# Iberdrola clientes



## stevec2x (Mar 24, 2012)

Does anybody know if Iberdrola Clientes is in danger of going bust?
Cheers
Steve


----------



## kaipa (Aug 3, 2013)

What is Iberdrola Clientes?. Do you mean the energy company Iberdrola? Why would they be going bust ? Iberdrola is the biggest provider in Spain and I think it would be major news if they were in financial difficulty.


----------



## stevec2x (Mar 24, 2012)

As I understand it, Iberdrola Clientes is separate from Iberdrola, they are a reseller, like the ones that have gone bust in the UK.


----------



## kaipa (Aug 3, 2013)

Ahhh.....okay. Cant say I have seen anything on the Spanish news about any of this other than the increasing price of electricity. I imagine Spain isnt as heavily reliant on Natural gas as UK an


----------



## stevec2x (Mar 24, 2012)

According to uk newspaper reports, Spain and Germany are more reliant on gas than UK, but it's complicated!


----------



## Melosine (Apr 28, 2013)

I believe Iberdrola Clientes is an app ( via Iberdrola) to download to use in case of electrical problem in your house.


----------



## stevec2x (Mar 24, 2012)

Melosine, the app does far more than that! You can see your bills online and also see graphs of your usage from hour to your, and change your tarrif.


----------



## tardigrade (May 23, 2021)

stevec2x said:


> Melosine, the app does far more than that! You can see your bills online and also see graphs of your usage from hour to your, and change your tarrif.


But it is still an app for use by clients of Iberdrola.. 

What did the stock price do today? Yesterday? Last week? last month?? That will tell you more than this website..


----------



## stevec2x (Mar 24, 2012)

Tardigrade, when I search for Iberdrola Clientes share price, I get nothing but Iberdrola SA?


----------



## tardigrade (May 23, 2021)

stevec2x said:


> Tardigrade, when I search for Iberdrola Clientes share price, I get nothing but Iberdrola SA?

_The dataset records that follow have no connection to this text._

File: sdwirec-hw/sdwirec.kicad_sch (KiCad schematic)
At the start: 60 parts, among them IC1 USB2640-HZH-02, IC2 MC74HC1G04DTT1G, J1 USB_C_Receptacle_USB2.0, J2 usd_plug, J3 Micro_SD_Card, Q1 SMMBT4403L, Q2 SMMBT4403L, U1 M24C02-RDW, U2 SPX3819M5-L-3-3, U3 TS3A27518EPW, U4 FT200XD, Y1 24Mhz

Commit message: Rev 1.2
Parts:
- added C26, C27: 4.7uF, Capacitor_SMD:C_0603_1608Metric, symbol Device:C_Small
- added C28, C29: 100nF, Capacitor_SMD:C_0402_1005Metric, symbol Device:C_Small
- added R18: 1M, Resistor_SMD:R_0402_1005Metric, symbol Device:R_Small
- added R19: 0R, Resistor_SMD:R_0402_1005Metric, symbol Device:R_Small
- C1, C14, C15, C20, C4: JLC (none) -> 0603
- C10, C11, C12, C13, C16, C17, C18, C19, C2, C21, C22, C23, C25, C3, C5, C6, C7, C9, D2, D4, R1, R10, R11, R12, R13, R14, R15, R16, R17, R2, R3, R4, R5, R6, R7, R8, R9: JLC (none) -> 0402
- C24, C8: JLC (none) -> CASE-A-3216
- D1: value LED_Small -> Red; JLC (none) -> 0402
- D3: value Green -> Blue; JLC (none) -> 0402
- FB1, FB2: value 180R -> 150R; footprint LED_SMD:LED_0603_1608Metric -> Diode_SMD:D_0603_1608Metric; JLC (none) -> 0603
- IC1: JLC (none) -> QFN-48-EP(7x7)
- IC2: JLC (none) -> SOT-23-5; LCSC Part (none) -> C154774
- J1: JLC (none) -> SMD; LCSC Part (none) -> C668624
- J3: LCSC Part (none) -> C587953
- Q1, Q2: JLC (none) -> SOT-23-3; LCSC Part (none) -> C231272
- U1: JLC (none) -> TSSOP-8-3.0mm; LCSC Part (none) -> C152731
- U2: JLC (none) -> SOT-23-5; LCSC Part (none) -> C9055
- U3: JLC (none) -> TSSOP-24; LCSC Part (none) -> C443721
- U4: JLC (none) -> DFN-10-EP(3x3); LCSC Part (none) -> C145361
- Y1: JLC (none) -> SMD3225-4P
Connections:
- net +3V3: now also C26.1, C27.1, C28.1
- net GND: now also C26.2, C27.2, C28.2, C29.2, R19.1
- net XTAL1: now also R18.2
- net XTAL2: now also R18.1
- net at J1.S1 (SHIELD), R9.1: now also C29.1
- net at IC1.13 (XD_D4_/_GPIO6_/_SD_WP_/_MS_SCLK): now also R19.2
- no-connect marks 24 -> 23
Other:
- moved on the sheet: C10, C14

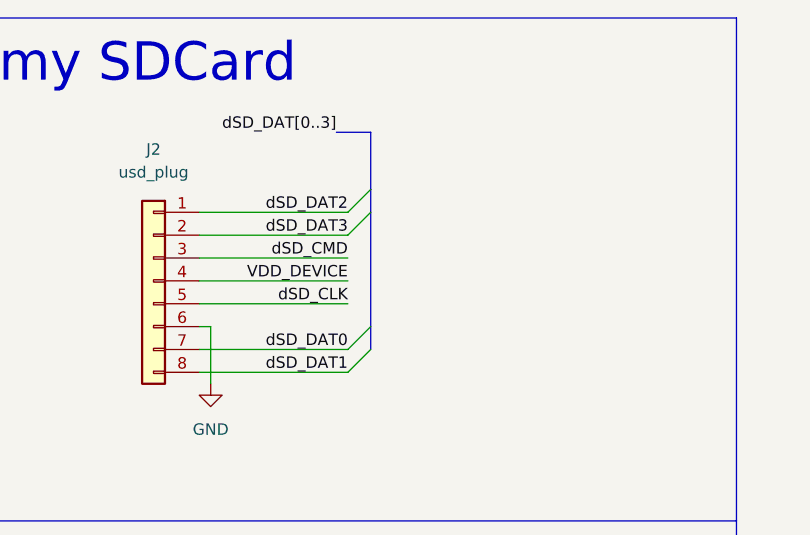
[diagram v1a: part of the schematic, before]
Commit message: add schottky diode on vdd_device line
Signed-off-by: Talha Can Havadar <havadartalha@gmail.com>
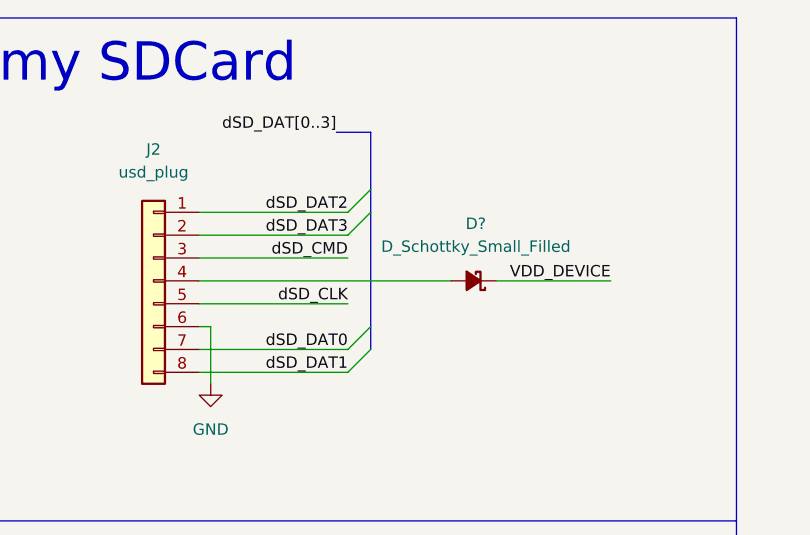
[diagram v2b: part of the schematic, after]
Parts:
- added D?: D_Schottky_Small_Filled, symbol Device:D_Schottky_Small_Filled
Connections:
- net VDD_DEVICE: now also D?.1 (K); no longer J2.4 (Pin_4)
- new net: D?.2 (A), J2.4 (Pin_4)
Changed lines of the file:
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@@
+    (stroke (width 0) (type default) (color 0 0 0 0))
+  )
+  (wire (pts (xy 284.48 41.91) (xy 297.18 41.91))
     (stroke (width 0) (type default) (color 0 0 0 0))
   )
@@
     (stroke (width 0) (type default) (color 0 0 0 0))
   )
-  (wire (pts (xy 251.46 41.91) (xy 267.97 41.91))
-    (stroke (width 0) (type default) (color 0 0 0 0))
-  )
   (wire (pts (xy 351.155 55.88) (xy 356.87 55.88))
     (stroke (width 0) (type default) (color 0 0 0 0))
@@
   )
   (wire (pts (xy 40.64 227.33) (xy 48.26 227.33))
+    (stroke (width 0) (type default) (color 0 0 0 0))
+  )
+  (wire (pts (xy 251.46 41.91) (xy 279.4 41.91))
     (stroke (width 0) (type default) (color 0 0 0 0))
   )
@@
     (effects (font (size 1.27 1.27)) (justify right bottom))
   )
-  (label "VDD_DEVICE" (at 267.97 41.91 180)
+  (label "VDD_DEVICE" (at 297.18 41.91 180)
     (effects (font (size 1.27 1.27)) (justify right bottom))
   )
@@
     (pin "1")
   )
+  (symbol (lib_id "Device:D_Schottky_Small_Filled") (at 281.94 41.91 180) (unit 1)
+    (in_bom yes) (on_board yes) (fields_autoplaced)
+    (property "Reference" "D?" (id 0) (at 282.194 35.56 0))
+    (property "Value" "D_Schottky_Small_Filled" (id 1) (at 282.194 38.1 0))
+    (property "Footprint" "" (id 2) (at 281.94 41.91 90)
+      (effects (font (size 1.27 1.27)) hide)
+    )
+    (property "Datasheet" "~" (id 3) (at 281.94 41.91 90)
+      (effects (font (size 1.27 1.27)) hide)
+    )
+    (pin "1")
+    (pin "2")
+  )
   (symbol (lib_id "Device:C_Small") (at 257.175 179.705 0) (unit 1)
     (in_bom yes) (on_board yes) (fields_autoplaced)
@@
       (reference "D4") (unit 1) (value "Yellow") (footprint "LED_SMD:LED_0402_1005Metric")
     )
+    (path "/edb7c392-6167-4d1e-afda-3629607e52a5"
+      (reference "D?") (unit 1) (value "D_Schottky_Small_Filled") (footprint "")
+    )
     (path "/f27184be-59d2-4453-986f-21a7476ed0b7"

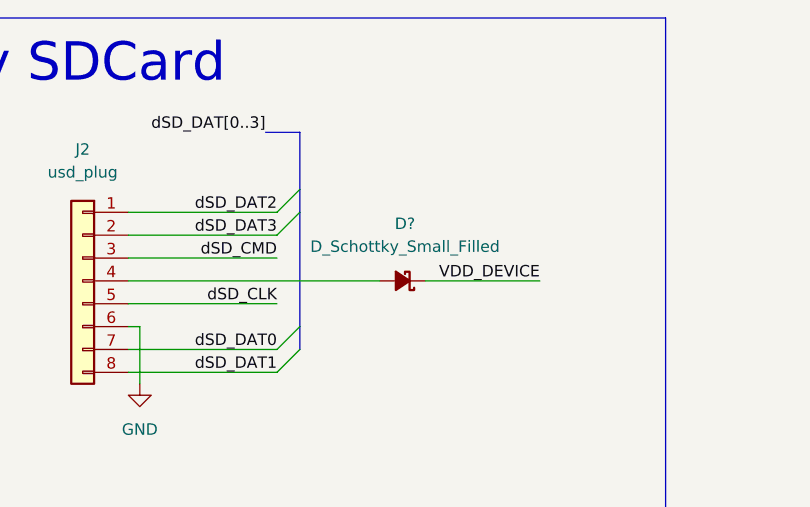
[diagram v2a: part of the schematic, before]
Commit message: squash! add schottky diode on vdd_device line
Signed-off-by: Talha Can Havadar <havadartalha@gmail.com>
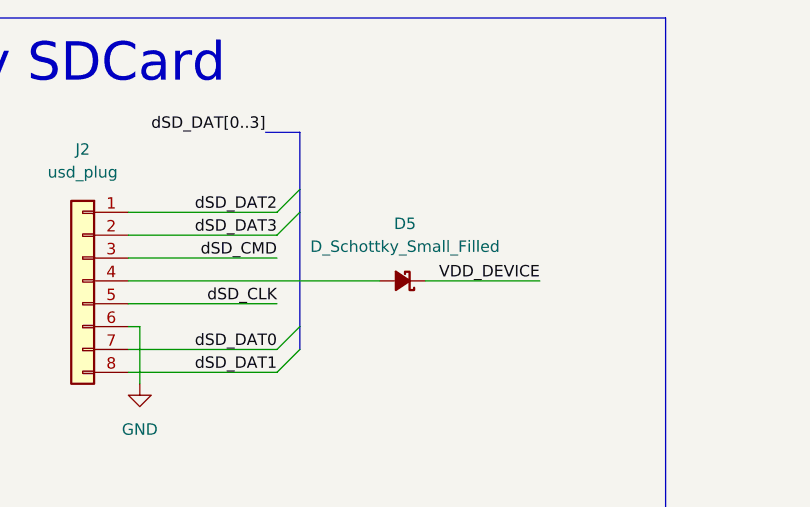
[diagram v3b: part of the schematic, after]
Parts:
- D5: renamed from D?; footprint (none) -> Diode_SMD:D_0402_1005Metric; LCSC Part (none) -> C2837790
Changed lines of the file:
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@@
   (symbol (lib_id "Device:D_Schottky_Small_Filled") (at 281.94 41.91 180) (unit 1)
     (in_bom yes) (on_board yes) (fields_autoplaced)
-    (property "Reference" "D?" (id 0) (at 282.194 35.56 0))
+    (property "Reference" "D5" (id 0) (at 282.194 35.56 0))
     (property "Value" "D_Schottky_Small_Filled" (id 1) (at 282.194 38.1 0))
-    (property "Footprint" "" (id 2) (at 281.94 41.91 90)
+    (property "Footprint" "Diode_SMD:D_0402_1005Metric" (id 2) (at 281.94 41.91 90)
       (effects (font (size 1.27 1.27)) hide)
     )
     (property "Datasheet" "~" (id 3) (at 281.94 41.91 90)
+      (effects (font (size 1.27 1.27)) hide)
+    )
+    (property "LCSC Part" "C2837790" (id 4) (at 281.94 41.91 0)
       (effects (font (size 1.27 1.27)) hide)
     )
@@
     )
     (path "/edb7c392-6167-4d1e-afda-3629607e52a5"
-      (reference "D?") (unit 1) (value "D_Schottky_Small_Filled") (footprint "")
+      (reference "D5") (unit 1) (value "D_Schottky_Small_Filled") (footprint "Diode_SMD:D_0402_1005Metric")
     )
     (path "/f27184be-59d2-4453-986f-21a7476ed0b7"

There you go.. The 2nd biggest energy company in the world.. 2nd or the biggest in wind power me thinks(depends on who you ask)...€123 billion in assets..

Iberdrola is no Enron..

As said - Iberdrola Clientes is the name for it's physical locations that serve it's clients. There are 3 in Valencia alone..


----------



## tardigrade (May 23, 2021)

now scootish power - a division of Iberdrola is rated the 2nd worst company for power on the island, but again they are not going bankrupt.





__





Best & Worst UK Energy Companies: 2021


Find out the best and worst energy companies 2021. See how well your energy supplier scored and see which energy companies did better.




www.simplyswitch.com


----------



## Melosine (Apr 28, 2013)

stevec2x said:


> Melosine, the app does far more than that! You can see your bills online and also see graphs of your usage from hour to your, and change your tarrif.


I know I have and can view the whole package and can see nothing to suggest it is might go bust


----------



## snikpoh (Nov 19, 2007)

stevec2x said:


> Tardigrade, when I search for Iberdrola Clientes share price, I get nothing but Iberdrola SA?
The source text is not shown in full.